SPIKE: You finished? Cos I’ve got to get back to work.
CRAIG: Well why don’t you get your mate to help you.
SPIKE: You got a problem with me?
CRAIG: Yeh, I’m looking out for John Paul.
SPIKE: Well, he’s a big boy. He can take care of himself.
JOHN PAUL: What’s going on?
SPIKE: Nothing.
JOHN PAUL: I’m not stupid. I know sommat’s going on. Who’s gonna tell me what it is?
SPIKE: I’m sorry, you think we’re keeping something from you? Welcome to my world.
INTERIOR – AFTERNOON. DOG IN THE POND – IN THE CORNER SEATS AND THEN OVER BY SPIKE’S DECKS. Craig is rolling pool balls, obviously waiting to play with John Paul….
SARAH: Look, Hannah, I seriously don’t think Spike means to be funny with you. You know, he’s just, he’s just…. Spike.
JOHN PAUL: I just wanna know what I’ve done wrong, that’s all.
SPIKE: Seeing as we’re short for time, clue number one – your best mate. Clue two – Craig. And number three – you’re in love with him.
JOHN PAUL: What?
SPIKE: Yeh, well you know there’s no rings here, so…
JOHN PAUL: Whoa, whoa, whoa, who told you that?
SPIKE: Little Miss Lapdog – what do you call her, Hannah? I told her to go haunt somebody else and she, she comes back with this nugget of information.
JOHN PAUL: It’s not what you think.
SPIKE: I don’t want the details, mate.
JOHN PAUL: All right, OK, I thought I was in love with him.

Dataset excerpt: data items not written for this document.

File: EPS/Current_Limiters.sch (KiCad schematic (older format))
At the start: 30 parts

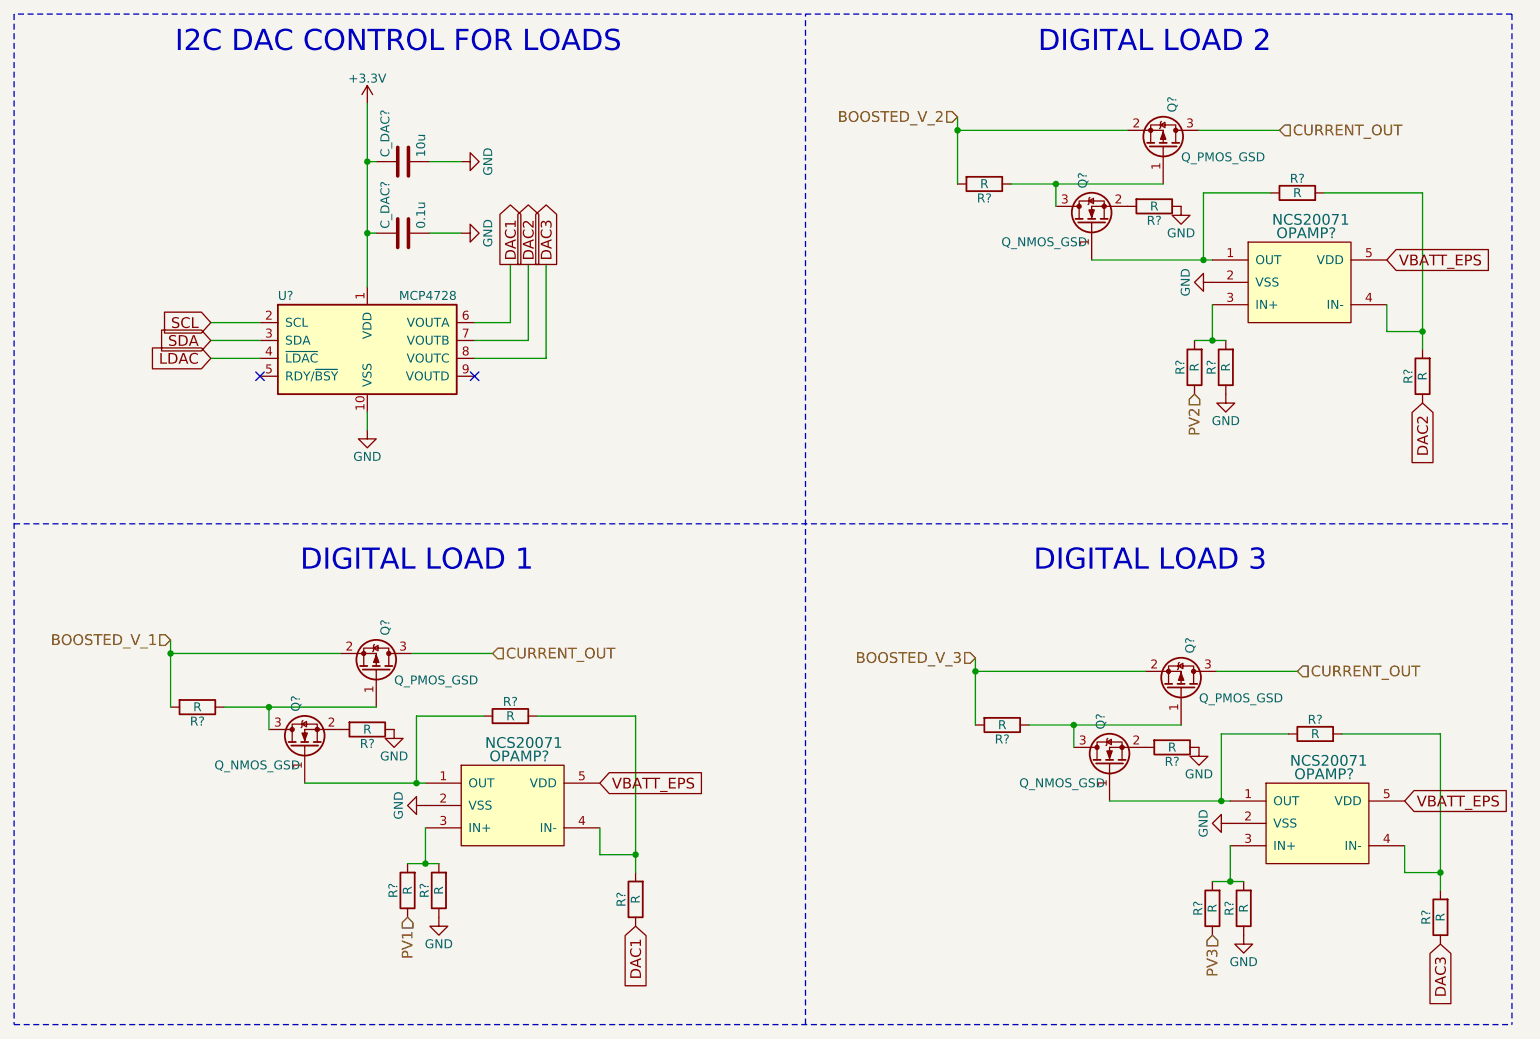
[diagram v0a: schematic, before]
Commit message: Finalized SCH (beta version) and started pcb
Capacitor banks might need to be reassigned to other locations.
No RBF pin on this SCH or PCB.
Battery gound deployment switch is fully mechanical (no mosfet switch on low side).
PCB of the prototype started. Main power converters and current measuring devices layed out.
SCH still requires ESD protection diodes!
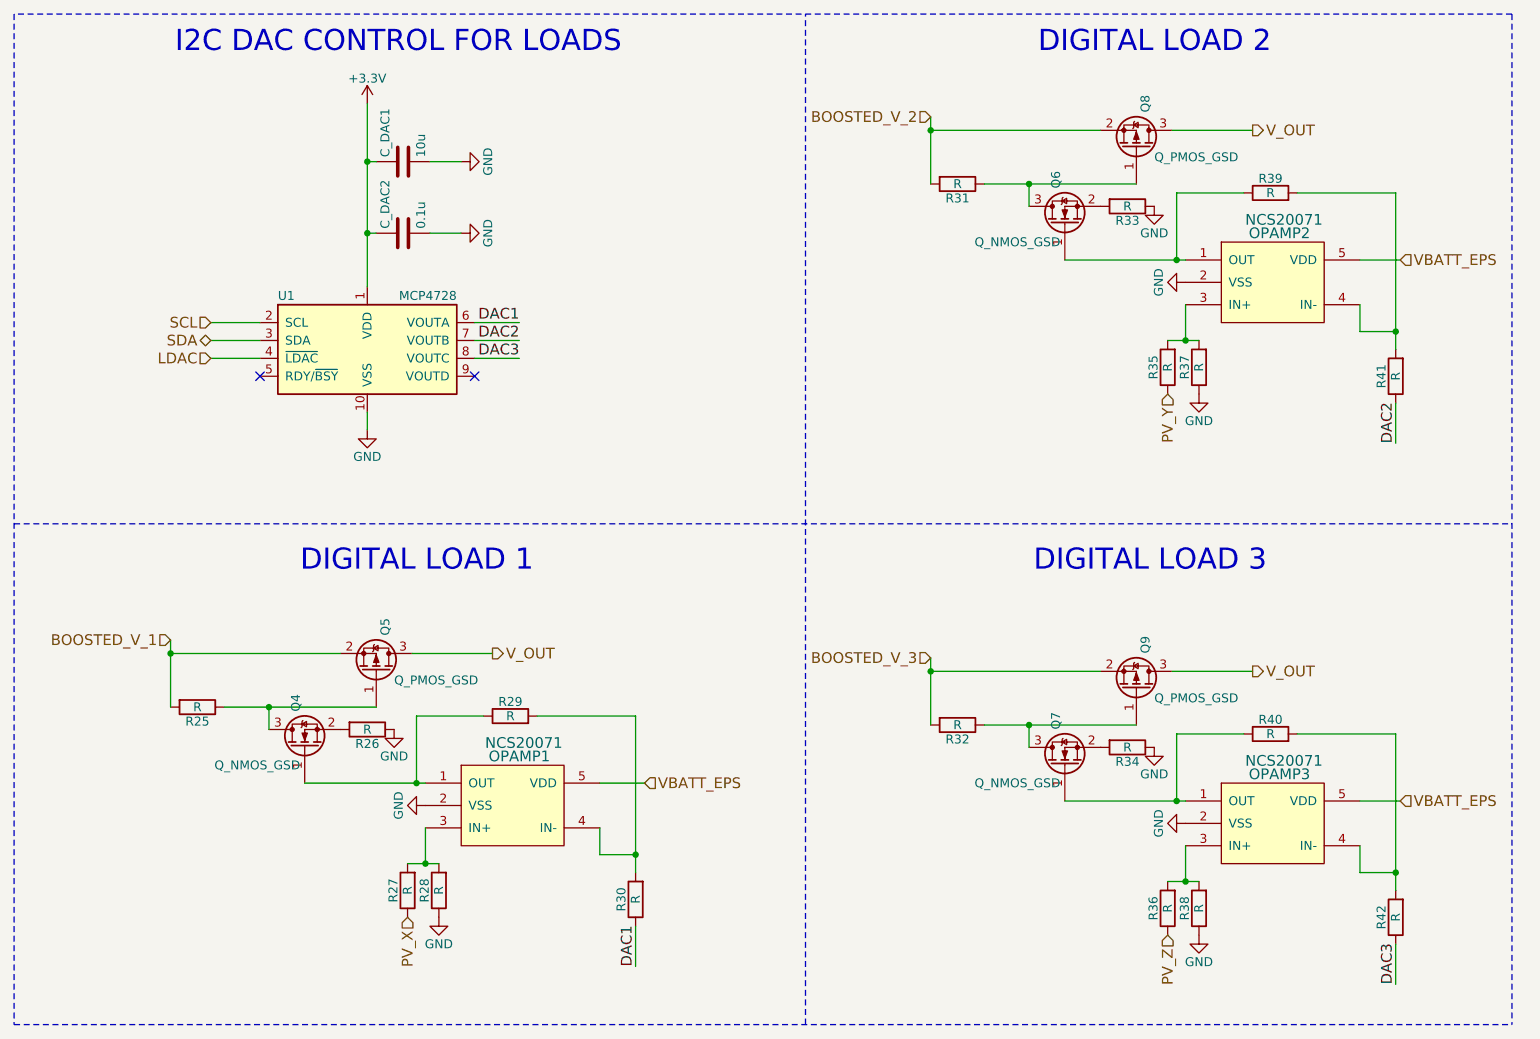
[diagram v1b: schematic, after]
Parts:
- C_DAC1: renamed from C_DAC?; footprint (none) -> Capacitors_SMD:C_0805
- C_DAC2: renamed from C_DAC?; footprint (none) -> Capacitors_SMD:C_0603
- OPAMP1, OPAMP2, OPAMP3: renamed from OPAMP?; footprint (none) -> TO_SOT_Packages_SMD:SOT-553
- Q4, Q5, Q6, Q7, Q8, Q9: renamed from Q?; footprint (none) -> TO_SOT_Packages_SMD:SOT-23
- R25, R26, R27, R28, R29, R30, R31, R32, R33, R34, R35, R36, R37, R38, R39, R40, R41, R42: renamed from R?; footprint (none) -> Resistors_SMD:R_0603
- gave numbers to parts that had none: 1
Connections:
- net CURRENT_OUT renamed V_OUT
- net PV1 renamed PV_X
- net PV2 renamed PV_Y
- net PV3 renamed PV_Z
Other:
- moved on the sheet: OPAMP2, OPAMP3, Q6, Q7, Q8, Q9, R31, R32, R33, R34, R35, R36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

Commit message: PCB updated
Added testpoints and updated PCB
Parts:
- added TP16, TP17, TP18, TP19, TP20, TP21, TP22, TP23, TP24: TEST, Measurement_Points:Measurement_Point_Round-SMD-Pad_Small, symbol TEST
- Q5, Q8, Q9: value Q_PMOS_GSD -> PMOS_DIGITAL_LOAD?
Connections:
- net DAC1: now also TP18.1
- net DAC2: now also TP19.1
- net DAC3: now also TP20.1
- net at OPAMP2.1 (OUT), Q6.1 (G), R39.1: now also TP24.1
- net at Q6.3 (D), Q8.1 (G), R31.1: now also TP23.1
- net at OPAMP3.1 (OUT), Q7.1 (G), R40.1: now also TP22.1
- net at Q7.3 (D), Q9.1 (G), R32.1: now also TP21.1
- net at OPAMP1.1 (OUT), Q4.1 (G), R29.1: now also TP17.1
- net at Q4.3 (D), Q5.1 (G), R25.1: now also TP16.1
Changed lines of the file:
@@
 $EndComp
 $Comp
-L GND #PWR097
+L GND #PWR096
 U 1 1 5A8CBE86
 P 8525 2275
-F 0 "#PWR097" H 8525 2025 50  0001 C CNN
+F 0 "#PWR096" H 8525 2025 50  0001 C CNN
 F 1 "GND" H 8525 2125 50  0000 C CNN
 F 2 "" H 8525 2275 50  0001 C CNN
@@
 $EndComp
 $Comp
-L GND #PWR098
+L GND #PWR097
 U 1 1 5A8CBF8A
 P 8600 2900
-F 0 "#PWR098" H 8600 2650 50  0001 C CNN
+F 0 "#PWR097" H 8600 2650 50  0001 C CNN
 F 1 "GND" H 8600 2750 50  0000 C CNN
 F 2 "" H 8600 2900 50  0001 C CNN
@@
 P 8250 1525
 F 0 "Q8" H 8450 1575 50  0000 L CNN
-F 1 "Q_PMOS_GSD" V 8200 1625 50  0000 L CNN
+F 1 "PMOS_DIGITAL_LOAD?" V 8200 1625 50  0000 L CNN
 F 2 "TO_SOT_Packages_SMD:SOT-23" H 8450 1625 50  0001 C CNN
 F 3 "" H 8250 1525 50  0001 C CNN
@@
 $EndComp
 $Comp
-L GND #PWR099
+L GND #PWR098
 U 1 1 5A8CC6C2
 P 8350 1850
-F 0 "#PWR099" H 8350 1600 50  0001 C CNN
+F 0 "#PWR098" H 8350 1600 50  0001 C CNN
 F 1 "GND" H 8350 1700 50  0000 C CNN
 F 2 "" H 8350 1850 50  0001 C CNN
@@
 NoConn ~ 4550 2800
 $Comp
-L GND #PWR0100
+L GND #PWR099
 U 1 1 5A8E6877
 P 3950 3100
-F 0 "#PWR0100" H 3950 2850 50  0001 C CNN
+F 0 "#PWR099" H 3950 2850 50  0001 C CNN
 F 1 "GND" H 3950 2950 50  0000 C CNN
 F 2 "" H 3950 3100 50  0001 C CNN
@@
 $EndComp
 $Comp
-L +3.3V #PWR0101
+L +3.3V #PWR0100
 U 1 1 5A8E687E
 P 3950 1275
-F 0 "#PWR0101" H 3950 1125 50  0001 C CNN
+F 0 "#PWR0100" H 3950 1125 50  0001 C CNN
 F 1 "+3.3V" H 3950 1415 50  0000 C CNN
 F 2 "" H 3950 1275 50  0001 C CNN
@@
 $EndComp
 $Comp
-L GND #PWR0102
+L GND #PWR0101
 U 1 1 5A8E6892
 P 4475 2000
-F 0 "#PWR0102" H 4475 1750 50  0001 C CNN
+F 0 "#PWR0101" H 4475 1750 50  0001 C CNN
 F 1 "GND" H 4475 1850 50  0000 C CNN
 F 2 "" H 4475 2000 50  0001 C CNN
@@
 $EndComp
 $Comp
-L GND #PWR0103
+L GND #PWR0102
 U 1 1 5A8E6898
 P 4475 1600
-F 0 "#PWR0103" H 4475 1350 50  0001 C CNN
+F 0 "#PWR0102" H 4475 1350 50  0001 C CNN
 F 1 "GND" H 4475 1450 50  0000 C CNN
 F 2 "" H 4475 1600 50  0001 C CNN
@@
 $EndComp
 $Comp
-L GND #PWR0104
+L GND #PWR0103
 U 1 1 5A8E6C4C
 P 8525 5300
-F 0 "#PWR0104" H 8525 5050 50  0001 C CNN
+F 0 "#PWR0103" H 8525 5050 50  0001 C CNN
 F 1 "GND" H 8525 5150 50  0000 C CNN
 F 2 "" H 8525 5300 50  0001 C CNN
@@
 $EndComp
 $Comp
-L GND #PWR0105
+L GND #PWR0104
 U 1 1 5A8E6C5A
 P 8600 5925
-F 0 "#PWR0105" H 8600 5675 50  0001 C CNN
+F 0 "#PWR0104" H 8600 5675 50  0001 C CNN
 F 1 "GND" H 8600 5775 50  0000 C CNN
 F 2 "" H 8600 5925 50  0001 C CNN
@@
 P 8250 4550
 F 0 "Q9" H 8450 4600 50  0000 L CNN
-F 1 "Q_PMOS_GSD" V 8200 4650 50  0000 L CNN
+F 1 "PMOS_DIGITAL_LOAD?" V 8200 4650 50  0000 L CNN
 F 2 "TO_SOT_Packages_SMD:SOT-23" H 8450 4650 50  0001 C CNN
 F 3 "" H 8250 4550 50  0001 C CNN
@@
 $EndComp
 $Comp
-L GND #PWR0106
+L GND #PWR0105
 U 1 1 5A8E6C87
 P 8350 4875
-F 0 "#PWR0106" H 8350 4625 50  0001 C CNN
+F 0 "#PWR0105" H 8350 4625 50  0001 C CNN
 F 1 "GND" H 8350 4725 50  0000 C CNN
 F 2 "" H 8350 4875 50  0001 C CNN
@@
 $EndComp
 $Comp
-L GND #PWR0107
+L GND #PWR0106
 U 1 1 5A8E6E7B
 P 4275 5200
-F 0 "#PWR0107" H 4275 4950 50  0001 C CNN
+F 0 "#PWR0106" H 4275 4950 50  0001 C CNN
 F 1 "GND" H 4275 5050 50  0000 C CNN
 F 2 "" H 4275 5200 50  0001 C CNN
@@
 $EndComp
 $Comp
-L GND #PWR0108
+L GND #PWR0107
 U 1 1 5A8E6E89
 P 4350 5825
-F 0 "#PWR0108" H 4350 5575 50  0001 C CNN
+F 0 "#PWR0107" H 4350 5575 50  0001 C CNN
 F 1 "GND" H 4350 5675 50  0000 C CNN
 F 2 "" H 4350 5825 50  0001 C CNN
@@
 P 4000 4450
 F 0 "Q5" H 4200 4500 50  0000 L CNN
-F 1 "Q_PMOS_GSD" V 3950 4550 50  0000 L CNN
+F 1 "PMOS_DIGITAL_LOAD?" V 3950 4550 50  0000 L CNN
 F 2 "TO_SOT_Packages_SMD:SOT-23" H 4200 4550 50  0001 C CNN
 F 3 "" H 4000 4450 50  0001 C CNN
@@
 $EndComp
 $Comp
-L GND #PWR0109
+L GND #PWR0108
 U 1 1 5A8E6EB6
 P 4100 4775
-F 0 "#PWR0109" H 4100 4525 50  0001 C CNN
+F 0 "#PWR0108" H 4100 4525 50  0001 C CNN
 F 1 "GND" H 4100 4625 50  0000 C CNN
 F 2 "" H 4100 4775 50  0001 C CNN
@@
 	4475 1600 4300 1600
 Wire Wire Line
-	4550 2500 4800 2500
+	4550 2500 5050 2500
 Wire Wire Line
 	8425 5625 8600 5625
@@
 	5500 5075 5250 5075
 Wire Wire Line
-	4550 2600 4800 2600
-Wire Wire Line
-	4800 2700 4550 2700
+	4550 2600 5200 2600
+Wire Wire Line
+	4550 2700 5325 2700
 Connection ~ 5450 5475
 Wire Wire Line
@@
 Wire Wire Line
 	9700 3175 9700 2950
+Wire Wire Line
+	5325 2700 5325 2675
+Wire Wire Line
+	5200 2600 5200 2575
+Wire Wire Line
+	5050 2500 5050 2475
+$Comp
+L TEST TP18
+U 1 1 5A9ED5A0
+P 5050 2475
+F 0 "TP18" H 5050 2775 50  0000 C BNN
+F 1 "TEST" H 5050 2725 50  0000 C CNN
+F 2 "Measurement_Points:Measurement_Point_Round-SMD-Pad_Small" H 5050 2475 50  0001 C CNN
+F 3 "" H 5050 2475 50  0001 C CNN
+	1    5050 2475
+	1    0    0    -1
+$EndComp
+$Comp
+L TEST TP19
+U 1 1 5A9ED62C
+P 5200 2575
+F 0 "TP19" H 5200 2875 50  0000 C BNN
+F 1 "TEST" H 5200 2825 50  0000 C CNN
+F 2 "Measurement_Points:Measurement_Point_Round-SMD-Pad_Small" H 5200 2575 50  0001 C CNN
+F 3 "" H 5200 2575 50  0001 C CNN
+	1    5200 2575
+	1    0    0    -1
+$EndComp
+$Comp
+L TEST TP20
+U 1 1 5A9ED6A2
+P 5325 2675
+F 0 "TP20" H 5325 2975 50  0000 C BNN
+F 1 "TEST" H 5325 2925 50  0000 C CNN
+F 2 "Measurement_Points:Measurement_Point_Round-SMD-Pad_Small" H 5325 2675 50  0001 C CNN
+F 3 "" H 5325 2675 50  0001 C CNN
+	1    5325 2675
+	1    0    0    -1
+$EndComp
+$Comp
+L TEST TP23
+U 1 1 5A9EDBF8
+P 6925 1950
+F 0 "TP23" H 6925 2250 50  0000 C BNN
+F 1 "TEST" H 6925 2200 50  0000 C CNN
+F 2 "Measurement_Points:Measurement_Point_Round-SMD-Pad_Small" H 6925 1950 50  0001 C CNN
+F 3 "" H 6925 1950 50  0001 C CNN
+	1    6925 1950
+	1    0    0    -1
+$EndComp
+Wire Wire Line
+	7500 1725 7500 1950
+Connection ~ 7500 1725
+Wire Wire Line
+	7500 1950 6925 1950
+Wire Wire Line
+	7950 2150 7950 2250
+Wire Wire Line
+	7950 2250 6925 2250
+Connection ~ 7950 2150
+$Comp
+L TEST TP24
+U 1 1 5A9EE049
+P 6925 2250
+F 0 "TP24" H 6925 2550 50  0000 C BNN
+F 1 "TEST" H 6925 2500 50  0000 C CNN
+F 2 "Measurement_Points:Measurement_Point_Round-SMD-Pad_Small" H 6925 2250 50  0001 C CNN
+F 3 "" H 6925 2250 50  0001 C CNN
+	1    6925 2250
+	1    0    0    -1
+$EndComp
+$Comp
+L TEST TP21
+U 1 1 5A9EE0D2
+P 6900 4925
+F 0 "TP21" H 6900 5225 50  0000 C BNN
+F 1 "TEST" H 6900 5175 50  0000 C CNN
+F 2 "Measurement_Points:Measurement_Point_Round-SMD-Pad_Small" H 6900 4925 50  0001 C CNN
+F 3 "" H 6900 4925 50  0001 C CNN
+	1    6900 4925
+	1    0    0    -1
+$EndComp
+$Comp
+L TEST TP22
+U 1 1 5A9EE250
+P 6900 5325
+F 0 "TP22" H 6900 5625 50  0000 C BNN
+F 1 "TEST" H 6900 5575 50  0000 C CNN
+F 2 "Measurement_Points:Measurement_Point_Round-SMD-Pad_Small" H 6900 5325 50  0001 C CNN
+F 3 "" H 6900 5325 50  0001 C CNN
+	1    6900 5325
+	1    0    0    -1
+$EndComp
+Wire Wire Line
+	6900 4925 7500 4925
+Wire Wire Line
+	7500 4925 7500 4750
+Connection ~ 7500 4750
+Wire Wire Line
+	6900 5325 7950 5325
+Wire Wire Line
+	7950 5325 7950 5175
+Connection ~ 7950 5175
+$Comp
+L TEST TP16
+U 1 1 5A9EE5C6
+P 2550 4900
+F 0 "TP16" H 2550 5200 50  0000 C BNN
+F 1 "TEST" H 2550 5150 50  0000 C CNN
+F 2 "Measurement_Points:Measurement_Point_Round-SMD-Pad_Small" H 2550 4900 50  0001 C CNN
+F 3 "" H 2550 4900 50  0001 C CNN
+	1    2550 4900
+	1    0    0    -1
+$EndComp
+$Comp
+L TEST TP17
+U 1 1 5A9EE750
+P 2550 5325
+F 0 "TP17" H 2550 5625 50  0000 C BNN
+F 1 "TEST" H 2550 5575 50  0000 C CNN
+F 2 "Measurement_Points:Measurement_Point_Round-SMD-Pad_Small" H 2550 5325 50  0001 C CNN
+F 3 "" H 2550 5325 50  0001 C CNN
+	1    2550 5325
+	1    0    0    -1
+$EndComp
+Wire Wire Line
+	2550 4900 3225 4900
+Wire Wire Line
+	3225 4900 3225 4650
+Connection ~ 3225 4650
+Wire Wire Line
+	2550 5325 3700 5325
+Wire Wire Line
+	3700 5325 3700 5075
+Connection ~ 3700 5075
 $EndSCHEMATC

SPIKE: Oh, I see, so it was just some schoolboy crush?
JOHN PAUL: Yeh. Yeh, I… look, I wanted him and he didn’t wanna know.
SPIKE: You see, that’s the problem with straight men, they can be so inconsiderate.
JOHN PAUL: I’m just trying to let you know what’s going on. Why are you being so difficult?
SPIKE: I want you to be up front with you.
JOHN PAUL: Right, you want up front? I’ve never felt like this about anyone before. How’s that for up front?
SPIKE: That’s a bit serious. I don’t do serious.
JOHN PAUL: But you do jealous, though, don’t you? Spike! Spike!(Spike is pushing his headphones onto his ears to drown out John Paul’s presence. John Paul slings himself round the decks and slides the volume off. Craig stops rolling his balls and looks over. Spike squares up to John Paul.)
SPIKE: You do that again and I’ll floor you. (A moment of tension. Then Spike pulls young McQueen’s head into his for a public snog. Sarah and Hannah look embarrassed. Craig stares and then looks down.)